Anflüge von Lagerkoller

Heut mal ein bisschen Geschichte und Kultur, aber vor allem ein langer Tag im Bus. Meine Mitreisenden gehen mir zunehmend auf die Nerven, und obwohl wir noch gar nicht so lange unterwegs sind, nervt mich das ständige Ein- und Auspacken. Aber ein Highlight hatte ich heute immerhin – das Pärchen, das neben mir im Bus sitzt, nur auf der anderen Seite des Gangs, ist auch dem BVB zugetan. War ja klar, dass ausgerechnet die dann neben mir sitzen. ;-)

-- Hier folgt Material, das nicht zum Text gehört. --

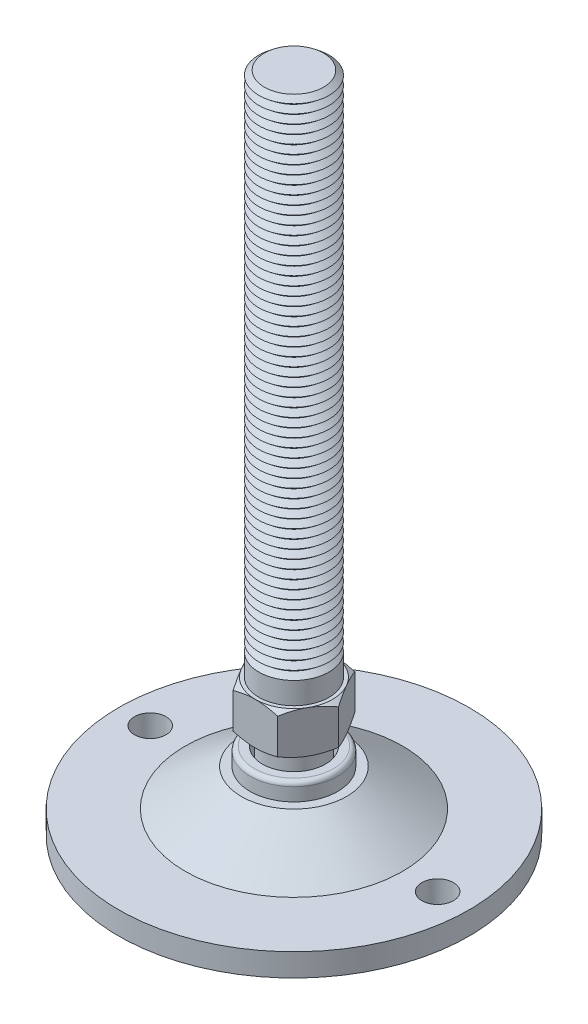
ISO-10303-21;
HEADER;
FILE_DESCRIPTION(('STEP AP214'),'2;1');
FILE_NAME('part.step','',(''),(''),'','','');
FILE_SCHEMA(('AUTOMOTIVE_DESIGN { 1 0 10303 214 1 1 1 1 }'));
ENDSEC;
DATA;
#1=APPLICATION_CONTEXT('core data for automotive mechanical design processes');
#2=APPLICATION_PROTOCOL_DEFINITION('international standard','automotive_design',2000,#1);
#3=PRODUCT_CONTEXT('',#1,'mechanical');
#4=PRODUCT('Part','Part','',(#3));
#5=PRODUCT_RELATED_PRODUCT_CATEGORY('part','',(#4));
#6=PRODUCT_DEFINITION_FORMATION('','',#4);
#7=PRODUCT_DEFINITION_CONTEXT('part definition',#1,'design');
#8=PRODUCT_DEFINITION('design','',#6,#7);
#9=PRODUCT_DEFINITION_SHAPE('','',#8);
#10=(LENGTH_UNIT() NAMED_UNIT(*) SI_UNIT(.MILLI.,.METRE.));
#11=(NAMED_UNIT(*) PLANE_ANGLE_UNIT() SI_UNIT($,.RADIAN.));
#12=(NAMED_UNIT(*) SI_UNIT($,.STERADIAN.) SOLID_ANGLE_UNIT());
#13=UNCERTAINTY_MEASURE_WITH_UNIT(LENGTH_MEASURE(1.E-05),#10,'distance_accuracy_value','');
#14=(GEOMETRIC_REPRESENTATION_CONTEXT(3) GLOBAL_UNCERTAINTY_ASSIGNED_CONTEXT((#13)) GLOBAL_UNIT_ASSIGNED_CONTEXT((#10,
#11,#12)) REPRESENTATION_CONTEXT('',''));
#15=CARTESIAN_POINT('',(0.,0.,0.));
#16=DIRECTION('',(0.,0.,1.));
#17=DIRECTION('',(1.,0.,0.));
#18=AXIS2_PLACEMENT_3D('',#15,#16,#17);
#19=CARTESIAN_POINT('',(0.,179.,0.));
#20=DIRECTION('',(0.,-1.,0.));
#21=DIRECTION('',(0.,0.,-1.));
#22=AXIS2_PLACEMENT_3D('',#19,#20,#21);
#23=CONICAL_SURFACE('',#22,8.4387505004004,0.895664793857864);
#24=CARTESIAN_POINT('',(0.,177.75,0.));
#25=DIRECTION('',(0.,-1.,0.));
#26=DIRECTION('',(0.,0.,-1.));
#27=AXIS2_PLACEMENT_3D('',#24,#25,#26);
#28=CIRCLE('',#27,10.);
#29=CARTESIAN_POINT('',(0.,177.75,-10.));
#30=VERTEX_POINT('',#29);
#31=EDGE_CURVE('P0_E1976',#30,#30,#28,.T.);
#32=ORIENTED_EDGE('',*,*,#31,.F.);
#33=EDGE_LOOP('',(#32));
#34=FACE_BOUND('',#33,.T.);
#35=CARTESIAN_POINT('',(0.,179.,0.));
#36=DIRECTION('',(0.,-1.,0.));
#37=DIRECTION('',(0.,0.,-1.));
#38=AXIS2_PLACEMENT_3D('',#35,#36,#37);
#39=CIRCLE('',#38,8.4387505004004);
#40=CARTESIAN_POINT('',(0.,179.,-8.4387505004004));
#41=VERTEX_POINT('',#40);
#42=EDGE_CURVE('P0_E1985',#41,#41,#39,.T.);
#43=ORIENTED_EDGE('',*,*,#42,.T.);
#44=EDGE_LOOP('',(#43));
#45=FACE_BOUND('',#44,.T.);
#46=ADVANCED_FACE('P0_F16',(#34,#45),#23,.T.);
#47=CARTESIAN_POINT('',(0.,180.25,0.));
#48=DIRECTION('',(0.,1.,0.));
#49=DIRECTION('',(0.,0.,1.));
#50=AXIS2_PLACEMENT_3D('',#47,#48,#49);
#51=CONICAL_SURFACE('',#50,10.,0.895664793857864);
#52=ORIENTED_EDGE('',*,*,#42,.F.);
#53=EDGE_LOOP('',(#52));
#54=FACE_BOUND('',#53,.T.);
#55=CARTESIAN_POINT('',(0.,180.25,0.));
#56=DIRECTION('',(0.,-1.,0.));
#57=DIRECTION('',(0.,0.,-1.));
#58=AXIS2_PLACEMENT_3D('',#55,#56,#57);
#59=CIRCLE('',#58,10.);
#60=CARTESIAN_POINT('',(0.,180.25,-10.));
#61=VERTEX_POINT('',#60);
#62=EDGE_CURVE('P0_E1982',#61,#61,#59,.T.);
#63=ORIENTED_EDGE('',*,*,#62,.T.);
#64=EDGE_LOOP('',(#63));
#65=FACE_BOUND('',#64,.T.);
#66=ADVANCED_FACE('P0_F308',(#54,#65),#51,.T.);
#67=CARTESIAN_POINT('',(0.,189.,0.));
#68=DIRECTION('',(0.,1.,0.));
#69=DIRECTION('',(0.,0.,1.));
#70=AXIS2_PLACEMENT_3D('',#67,#68,#69);
#71=PLANE('',#70);
#72=CARTESIAN_POINT('',(0.,189.,0.));
#73=DIRECTION('',(0.,-1.,0.));
#74=DIRECTION('',(0.,0.,-1.));
#75=AXIS2_PLACEMENT_3D('',#72,#73,#74);
#76=CIRCLE('',#75,8.4387505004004);
#77=CARTESIAN_POINT('',(0.,189.,-8.4387505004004));
#78=VERTEX_POINT('',#77);
#79=EDGE_CURVE('P0_E143',#78,#78,#76,.T.);
#80=ORIENTED_EDGE('',*,*,#79,.F.);
#81=EDGE_LOOP('',(#80));
#82=FACE_BOUND('',#81,.T.);
#83=ADVANCED_FACE('P0_F314',(#82),#71,.T.);
#84=CARTESIAN_POINT('',(0.,189.,0.));
#85=DIRECTION('',(0.,-1.,0.));
#86=DIRECTION('',(0.,0.,-1.));
#87=AXIS2_PLACEMENT_3D('',#84,#85,#86);
#88=CONICAL_SURFACE('',#87,8.4387505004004,0.895664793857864);
#89=CARTESIAN_POINT('',(0.,187.75,0.));
#90=DIRECTION('',(0.,-1.,0.));
#91=DIRECTION('',(0.,0.,-1.));
#92=AXIS2_PLACEMENT_3D('',#89,#90,#91);
#93=CIRCLE('',#92,10.);
#94=CARTESIAN_POINT('',(0.,187.75,-10.));
#95=VERTEX_POINT('',#94);
#96=EDGE_CURVE('P0_E353',#95,#95,#93,.T.);
#97=ORIENTED_EDGE('',*,*,#96,.F.);
#98=EDGE_LOOP('',(#97));
#99=FACE_BOUND('',#98,.T.);
#100=ORIENTED_EDGE('',*,*,#79,.T.);
#101=EDGE_LOOP('',(#100));
#102=FACE_BOUND('',#101,.T.);
#103=ADVANCED_FACE('P0_F211',(#99,#102),#88,.T.);
#104=CARTESIAN_POINT('',(0.,187.75,0.));
#105=DIRECTION('',(0.,1.,0.));
#106=DIRECTION('',(0.,0.,1.));
#107=AXIS2_PLACEMENT_3D('',#104,#105,#106);
#108=CONICAL_SURFACE('',#107,10.,0.895664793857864);
#109=CARTESIAN_POINT('',(0.,186.5,0.));
#110=DIRECTION('',(0.,-1.,0.));
#111=DIRECTION('',(0.,0.,-1.));
#112=AXIS2_PLACEMENT_3D('',#109,#110,#111);
#113=CIRCLE('',#112,8.4387505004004);
#114=CARTESIAN_POINT('',(0.,186.5,-8.4387505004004));
#115=VERTEX_POINT('',#114);
#116=EDGE_CURVE('P0_E352',#115,#115,#113,.T.);
#117=ORIENTED_EDGE('',*,*,#116,.F.);
#118=EDGE_LOOP('',(#117));
#119=FACE_BOUND('',#118,.T.);
#120=ORIENTED_EDGE('',*,*,#96,.T.);
#121=EDGE_LOOP('',(#120));
#122=FACE_BOUND('',#121,.T.);
#123=ADVANCED_FACE('P0_F339',(#119,#122),#108,.T.);
#124=CARTESIAN_POINT('',(0.,186.5,0.));
#125=DIRECTION('',(0.,-1.,0.));
#126=DIRECTION('',(0.,0.,-1.));
#127=AXIS2_PLACEMENT_3D('',#124,#125,#126);
#128=CONICAL_SURFACE('',#127,8.4387505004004,0.895664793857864);
#129=CARTESIAN_POINT('',(0.,185.25,0.));
#130=DIRECTION('',(0.,-1.,0.));
#131=DIRECTION('',(0.,0.,-1.));
#132=AXIS2_PLACEMENT_3D('',#129,#130,#131);
#133=CIRCLE('',#132,10.);
#134=CARTESIAN_POINT('',(0.,185.25,-10.));
#135=VERTEX_POINT('',#134);
#136=EDGE_CURVE('P0_E349',#135,#135,#133,.T.);
#137=ORIENTED_EDGE('',*,*,#136,.F.);
#138=EDGE_LOOP('',(#137));
#139=FACE_BOUND('',#138,.T.);
#140=ORIENTED_EDGE('',*,*,#116,.T.);
#141=EDGE_LOOP('',(#140));
#142=FACE_BOUND('',#141,.T.);
#143=ADVANCED_FACE('P0_F334',(#139,#142),#128,.T.);
#144=CARTESIAN_POINT('',(0.,185.25,0.));
#145=DIRECTION('',(0.,1.,0.));
#146=DIRECTION('',(0.,0.,1.));
#147=AXIS2_PLACEMENT_3D('',#144,#145,#146);
#148=CONICAL_SURFACE('',#147,10.,0.895664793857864);
#149=CARTESIAN_POINT('',(0.,184.,0.));
#150=DIRECTION('',(0.,-1.,0.));
#151=DIRECTION('',(0.,0.,-1.));
#152=AXIS2_PLACEMENT_3D('',#149,#150,#151);
#153=CIRCLE('',#152,8.4387505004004);
#154=CARTESIAN_POINT('',(0.,184.,-8.4387505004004));
#155=VERTEX_POINT('',#154);
#156=EDGE_CURVE('P0_E358',#155,#155,#153,.T.);
#157=ORIENTED_EDGE('',*,*,#156,.F.);
#158=EDGE_LOOP('',(#157));
#159=FACE_BOUND('',#158,.T.);
#160=ORIENTED_EDGE('',*,*,#136,.T.);
#161=EDGE_LOOP('',(#160));
#162=FACE_BOUND('',#161,.T.);
#163=ADVANCED_FACE('P0_F331',(#159,#162),#148,.T.);
#164=CARTESIAN_POINT('',(0.,184.,0.));
#165=DIRECTION('',(0.,-1.,0.));
#166=DIRECTION('',(0.,0.,-1.));
#167=AXIS2_PLACEMENT_3D('',#164,#165,#166);
#168=CONICAL_SURFACE('',#167,8.4387505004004,0.895664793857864);
#169=CARTESIAN_POINT('',(0.,182.75,0.));
#170=DIRECTION('',(0.,-1.,0.));
#171=DIRECTION('',(0.,0.,-1.));
#172=AXIS2_PLACEMENT_3D('',#169,#170,#171);
#173=CIRCLE('',#172,10.);
#174=CARTESIAN_POINT('',(0.,182.75,-10.));
#175=VERTEX_POINT('',#174);
#176=EDGE_CURVE('P0_E1988',#175,#175,#173,.T.);
#177=ORIENTED_EDGE('',*,*,#176,.F.);
#178=EDGE_LOOP('',(#177));
#179=FACE_BOUND('',#178,.T.);
#180=ORIENTED_EDGE('',*,*,#156,.T.);
#181=EDGE_LOOP('',(#180));
#182=FACE_BOUND('',#181,.T.);
#183=ADVANCED_FACE('P0_F325',(#179,#182),#168,.T.);
#184=CARTESIAN_POINT('',(0.,182.75,0.));
#185=DIRECTION('',(0.,1.,0.));
#186=DIRECTION('',(0.,0.,1.));
#187=AXIS2_PLACEMENT_3D('',#184,#185,#186);
#188=CONICAL_SURFACE('',#187,10.,0.895664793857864);
#189=CARTESIAN_POINT('',(0.,181.5,0.));
#190=DIRECTION('',(0.,-1.,0.));
#191=DIRECTION('',(0.,0.,-1.));
#192=AXIS2_PLACEMENT_3D('',#189,#190,#191);
#193=CIRCLE('',#192,8.4387505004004);
#194=CARTESIAN_POINT('',(0.,181.5,-8.4387505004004));
#195=VERTEX_POINT('',#194);
#196=EDGE_CURVE('P0_E1991',#195,#195,#193,.T.);
#197=ORIENTED_EDGE('',*,*,#196,.F.);
#198=EDGE_LOOP('',(#197));
#199=FACE_BOUND('',#198,.T.);
#200=ORIENTED_EDGE('',*,*,#176,.T.);
#201=EDGE_LOOP('',(#200));
#202=FACE_BOUND('',#201,.T.);
#203=ADVANCED_FACE('P0_F321',(#199,#202),#188,.T.);
#204=CARTESIAN_POINT('',(0.,181.5,0.));
#205=DIRECTION('',(0.,-1.,0.));
#206=DIRECTION('',(0.,0.,-1.));
#207=AXIS2_PLACEMENT_3D('',#204,#205,#206);
#208=CONICAL_SURFACE('',#207,8.4387505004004,0.895664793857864);
#209=ORIENTED_EDGE('',*,*,#62,.F.);
#210=EDGE_LOOP('',(#209));
#211=FACE_BOUND('',#210,.T.);
#212=ORIENTED_EDGE('',*,*,#196,.T.);
#213=EDGE_LOOP('',(#212));
#214=FACE_BOUND('',#213,.T.);
#215=ADVANCED_FACE('P0_F324',(#211,#214),#208,.T.);
#216=CARTESIAN_POINT('',(0.,176.5,0.));
#217=DIRECTION('',(0.,-1.,0.));
#218=DIRECTION('',(0.,0.,-1.));
#219=AXIS2_PLACEMENT_3D('',#216,#217,#218);
#220=CONICAL_SURFACE('',#219,8.4387505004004,0.895664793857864);
#221=CARTESIAN_POINT('',(0.,175.25,0.));
#222=DIRECTION('',(0.,-1.,0.));
#223=DIRECTION('',(0.,0.,-1.));
#224=AXIS2_PLACEMENT_3D('',#221,#222,#223);
#225=CIRCLE('',#224,10.);
#226=CARTESIAN_POINT('',(0.,175.25,-10.));
#227=VERTEX_POINT('',#226);
#228=EDGE_CURVE('P0_E1970',#227,#227,#225,.T.);
#229=ORIENTED_EDGE('',*,*,#228,.F.);
#230=EDGE_LOOP('',(#229));
#231=FACE_BOUND('',#230,.T.);
#232=CARTESIAN_POINT('',(0.,176.5,0.));
#233=DIRECTION('',(0.,-1.,0.));
#234=DIRECTION('',(0.,0.,-1.));
#235=AXIS2_PLACEMENT_3D('',#232,#233,#234);
#236=CIRCLE('',#235,8.4387505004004);
#237=CARTESIAN_POINT('',(0.,176.5,-8.4387505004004));
#238=VERTEX_POINT('',#237);
#239=EDGE_CURVE('P0_E1979',#238,#238,#236,.T.);
#240=ORIENTED_EDGE('',*,*,#239,.T.);
#241=EDGE_LOOP('',(#240));
#242=FACE_BOUND('',#241,.T.);
#243=ADVANCED_FACE('P0_F329',(#231,#242),#220,.T.);
#244=CARTESIAN_POINT('',(0.,177.75,0.));
#245=DIRECTION('',(0.,1.,0.));
#246=DIRECTION('',(0.,0.,1.));
#247=AXIS2_PLACEMENT_3D('',#244,#245,#246);
#248=CONICAL_SURFACE('',#247,10.,0.895664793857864);
#249=ORIENTED_EDGE('',*,*,#239,.F.);
#250=EDGE_LOOP('',(#249));
#251=FACE_BOUND('',#250,.T.);
#252=ORIENTED_EDGE('',*,*,#31,.T.);
#253=EDGE_LOOP('',(#252));
#254=FACE_BOUND('',#253,.T.);
#255=ADVANCED_FACE('P0_F1564',(#251,#254),#248,.T.);
#256=CARTESIAN_POINT('',(0.,174.,0.));
#257=DIRECTION('',(0.,-1.,0.));
#258=DIRECTION('',(0.,0.,-1.));
#259=AXIS2_PLACEMENT_3D('',#256,#257,#258);
#260=CONICAL_SURFACE('',#259,8.4387505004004,0.895664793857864);
#261=CARTESIAN_POINT('',(0.,172.75,0.));
#262=DIRECTION('',(0.,-1.,0.));
#263=DIRECTION('',(0.,0.,-1.));
#264=AXIS2_PLACEMENT_3D('',#261,#262,#263);
#265=CIRCLE('',#264,10.);
#266=CARTESIAN_POINT('',(0.,172.75,-10.));
#267=VERTEX_POINT('',#266);
#268=EDGE_CURVE('P0_E1964',#267,#267,#265,.T.);
#269=ORIENTED_EDGE('',*,*,#268,.F.);
#270=EDGE_LOOP('',(#269));
#271=FACE_BOUND('',#270,.T.);
#272=CARTESIAN_POINT('',(0.,174.,0.));
#273=DIRECTION('',(0.,-1.,0.));
#274=DIRECTION('',(0.,0.,-1.));
#275=AXIS2_PLACEMENT_3D('',#272,#273,#274);
#276=CIRCLE('',#275,8.4387505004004);
#277=CARTESIAN_POINT('',(0.,174.,-8.4387505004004));
#278=VERTEX_POINT('',#277);
#279=EDGE_CURVE('P0_E1973',#278,#278,#276,.T.);
#280=ORIENTED_EDGE('',*,*,#279,.T.);
#281=EDGE_LOOP('',(#280));
#282=FACE_BOUND('',#281,.T.);
#283=ADVANCED_FACE('P0_F1554',(#271,#282),#260,.T.);
#284=CARTESIAN_POINT('',(0.,175.25,0.));
#285=DIRECTION('',(0.,1.,0.));
#286=DIRECTION('',(0.,0.,1.));
#287=AXIS2_PLACEMENT_3D('',#284,#285,#286);
#288=CONICAL_SURFACE('',#287,10.,0.895664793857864);
#289=ORIENTED_EDGE('',*,*,#279,.F.);
#290=EDGE_LOOP('',(#289));
#291=FACE_BOUND('',#290,.T.);
#292=ORIENTED_EDGE('',*,*,#228,.T.);
#293=EDGE_LOOP('',(#292));
#294=FACE_BOUND('',#293,.T.);
#295=ADVANCED_FACE('P0_F1544',(#291,#294),#288,.T.);
#296=CARTESIAN_POINT('',(0.,171.5,0.));
#297=DIRECTION('',(0.,-1.,0.));
#298=DIRECTION('',(0.,0.,-1.));
#299=AXIS2_PLACEMENT_3D('',#296,#297,#298);
#300=CONICAL_SURFACE('',#299,8.4387505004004,0.895664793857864);
#301=CARTESIAN_POINT('',(0.,170.25,0.));
#302=DIRECTION('',(0.,-1.,0.));
#303=DIRECTION('',(0.,0.,-1.));
#304=AXIS2_PLACEMENT_3D('',#301,#302,#303);
#305=CIRCLE('',#304,10.);
#306=CARTESIAN_POINT('',(0.,170.25,-10.));
#307=VERTEX_POINT('',#306);
#308=EDGE_CURVE('P0_E1958',#307,#307,#305,.T.);
#309=ORIENTED_EDGE('',*,*,#308,.F.);
#310=EDGE_LOOP('',(#309));
#311=FACE_BOUND('',#310,.T.);
#312=CARTESIAN_POINT('',(0.,171.5,0.));
#313=DIRECTION('',(0.,-1.,0.));
#314=DIRECTION('',(0.,0.,-1.));
#315=AXIS2_PLACEMENT_3D('',#312,#313,#314);
#316=CIRCLE('',#315,8.4387505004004);
#317=CARTESIAN_POINT('',(0.,171.5,-8.4387505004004));
#318=VERTEX_POINT('',#317);
#319=EDGE_CURVE('P0_E1967',#318,#318,#316,.T.);
#320=ORIENTED_EDGE('',*,*,#319,.T.);
#321=EDGE_LOOP('',(#320));
#322=FACE_BOUND('',#321,.T.);
#323=ADVANCED_FACE('P0_F1534',(#311,#322),#300,.T.);
#324=CARTESIAN_POINT('',(0.,172.75,0.));
#325=DIRECTION('',(0.,1.,0.));
#326=DIRECTION('',(0.,0.,1.));
#327=AXIS2_PLACEMENT_3D('',#324,#325,#326);
#328=CONICAL_SURFACE('',#327,10.,0.895664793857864);
#329=ORIENTED_EDGE('',*,*,#319,.F.);
#330=EDGE_LOOP('',(#329));
#331=FACE_BOUND('',#330,.T.);
#332=ORIENTED_EDGE('',*,*,#268,.T.);
#333=EDGE_LOOP('',(#332));
#334=FACE_BOUND('',#333,.T.);
#335=ADVANCED_FACE('P0_F1524',(#331,#334),#328,.T.);
#336=CARTESIAN_POINT('',(0.,169.,0.));
#337=DIRECTION('',(0.,-1.,0.));
#338=DIRECTION('',(0.,0.,-1.));
#339=AXIS2_PLACEMENT_3D('',#336,#337,#338);
#340=CONICAL_SURFACE('',#339,8.4387505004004,0.895664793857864);
#341=CARTESIAN_POINT('',(0.,167.75,0.));
#342=DIRECTION('',(0.,-1.,0.));
#343=DIRECTION('',(0.,0.,-1.));
#344=AXIS2_PLACEMENT_3D('',#341,#342,#343);
#345=CIRCLE('',#344,10.);
#346=CARTESIAN_POINT('',(0.,167.75,-10.));
#347=VERTEX_POINT('',#346);
#348=EDGE_CURVE('P0_E1952',#347,#347,#345,.T.);
#349=ORIENTED_EDGE('',*,*,#348,.F.);
#350=EDGE_LOOP('',(#349));
#351=FACE_BOUND('',#350,.T.);
#352=CARTESIAN_POINT('',(0.,169.,0.));
#353=DIRECTION('',(0.,-1.,0.));
#354=DIRECTION('',(0.,0.,-1.));
#355=AXIS2_PLACEMENT_3D('',#352,#353,#354);
#356=CIRCLE('',#355,8.4387505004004);
#357=CARTESIAN_POINT('',(0.,169.,-8.4387505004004));
#358=VERTEX_POINT('',#357);
#359=EDGE_CURVE('P0_E1961',#358,#358,#356,.T.);
#360=ORIENTED_EDGE('',*,*,#359,.T.);
#361=EDGE_LOOP('',(#360));
#362=FACE_BOUND('',#361,.T.);
#363=ADVANCED_FACE('P0_F1514',(#351,#362),#340,.T.);
#364=CARTESIAN_POINT('',(0.,170.25,0.));
#365=DIRECTION('',(0.,1.,0.));
#366=DIRECTION('',(0.,0.,1.));
#367=AXIS2_PLACEMENT_3D('',#364,#365,#366);
#368=CONICAL_SURFACE('',#367,10.,0.895664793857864);
#369=ORIENTED_EDGE('',*,*,#359,.F.);
#370=EDGE_LOOP('',(#369));
#371=FACE_BOUND('',#370,.T.);
#372=ORIENTED_EDGE('',*,*,#308,.T.);
#373=EDGE_LOOP('',(#372));
#374=FACE_BOUND('',#373,.T.);
#375=ADVANCED_FACE('P0_F1504',(#371,#374),#368,.T.);
#376=CARTESIAN_POINT('',(0.,166.5,0.));
#377=DIRECTION('',(0.,-1.,0.));
#378=DIRECTION('',(0.,0.,-1.));
#379=AXIS2_PLACEMENT_3D('',#376,#377,#378);
#380=CONICAL_SURFACE('',#379,8.4387505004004,0.895664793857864);
#381=CARTESIAN_POINT('',(0.,165.25,0.));
#382=DIRECTION('',(0.,-1.,0.));
#383=DIRECTION('',(0.,0.,-1.));
#384=AXIS2_PLACEMENT_3D('',#381,#382,#383);
#385=CIRCLE('',#384,10.);
#386=CARTESIAN_POINT('',(0.,165.25,-10.));
#387=VERTEX_POINT('',#386);
#388=EDGE_CURVE('P0_E1946',#387,#387,#385,.T.);
#389=ORIENTED_EDGE('',*,*,#388,.F.);
#390=EDGE_LOOP('',(#389));
#391=FACE_BOUND('',#390,.T.);
#392=CARTESIAN_POINT('',(0.,166.5,0.));
#393=DIRECTION('',(0.,-1.,0.));
#394=DIRECTION('',(0.,0.,-1.));
#395=AXIS2_PLACEMENT_3D('',#392,#393,#394);
#396=CIRCLE('',#395,8.4387505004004);
#397=CARTESIAN_POINT('',(0.,166.5,-8.4387505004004));
#398=VERTEX_POINT('',#397);
#399=EDGE_CURVE('P0_E1955',#398,#398,#396,.T.);
#400=ORIENTED_EDGE('',*,*,#399,.T.);
#401=EDGE_LOOP('',(#400));
#402=FACE_BOUND('',#401,.T.);
#403=ADVANCED_FACE('P0_F1494',(#391,#402),#380,.T.);
#404=CARTESIAN_POINT('',(0.,167.75,0.));
#405=DIRECTION('',(0.,1.,0.));
#406=DIRECTION('',(0.,0.,1.));
#407=AXIS2_PLACEMENT_3D('',#404,#405,#406);
#408=CONICAL_SURFACE('',#407,10.,0.895664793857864);
#409=ORIENTED_EDGE('',*,*,#399,.F.);
#410=EDGE_LOOP('',(#409));
#411=FACE_BOUND('',#410,.T.);
#412=ORIENTED_EDGE('',*,*,#348,.T.);
#413=EDGE_LOOP('',(#412));
#414=FACE_BOUND('',#413,.T.);
#415=ADVANCED_FACE('P0_F1484',(#411,#414),#408,.T.);
#416=CARTESIAN_POINT('',(0.,164.,0.));
#417=DIRECTION('',(0.,-1.,0.));
#418=DIRECTION('',(0.,0.,-1.));
#419=AXIS2_PLACEMENT_3D('',#416,#417,#418);
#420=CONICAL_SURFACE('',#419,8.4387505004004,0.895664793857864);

Bei den anderen in der Gruppe frage ich mich immer häufiger, wie man nur so planlos unterwegs sein kann. Schatzi und Mausi hinter mir sind sicher ein Extrembeispiel, aber er liest die ganze Zeit im Bus, hört nicht zu, wenn der Guide was erklärt, schaut nicht einmal aus dem Fenster, sie dagegen unterrichtet uns alle ohne Unterlass davon, was sie getan hat, zu tun gedenkt, wie es ihr geht. Zwischendurch streiten sie sich mit mir (!) über Englischvokabeln, was mir den Spitznamen „Unsere Lehrerin da vorne“ einbringt. Vielleicht setze ich mich doch noch auf die Rückbank.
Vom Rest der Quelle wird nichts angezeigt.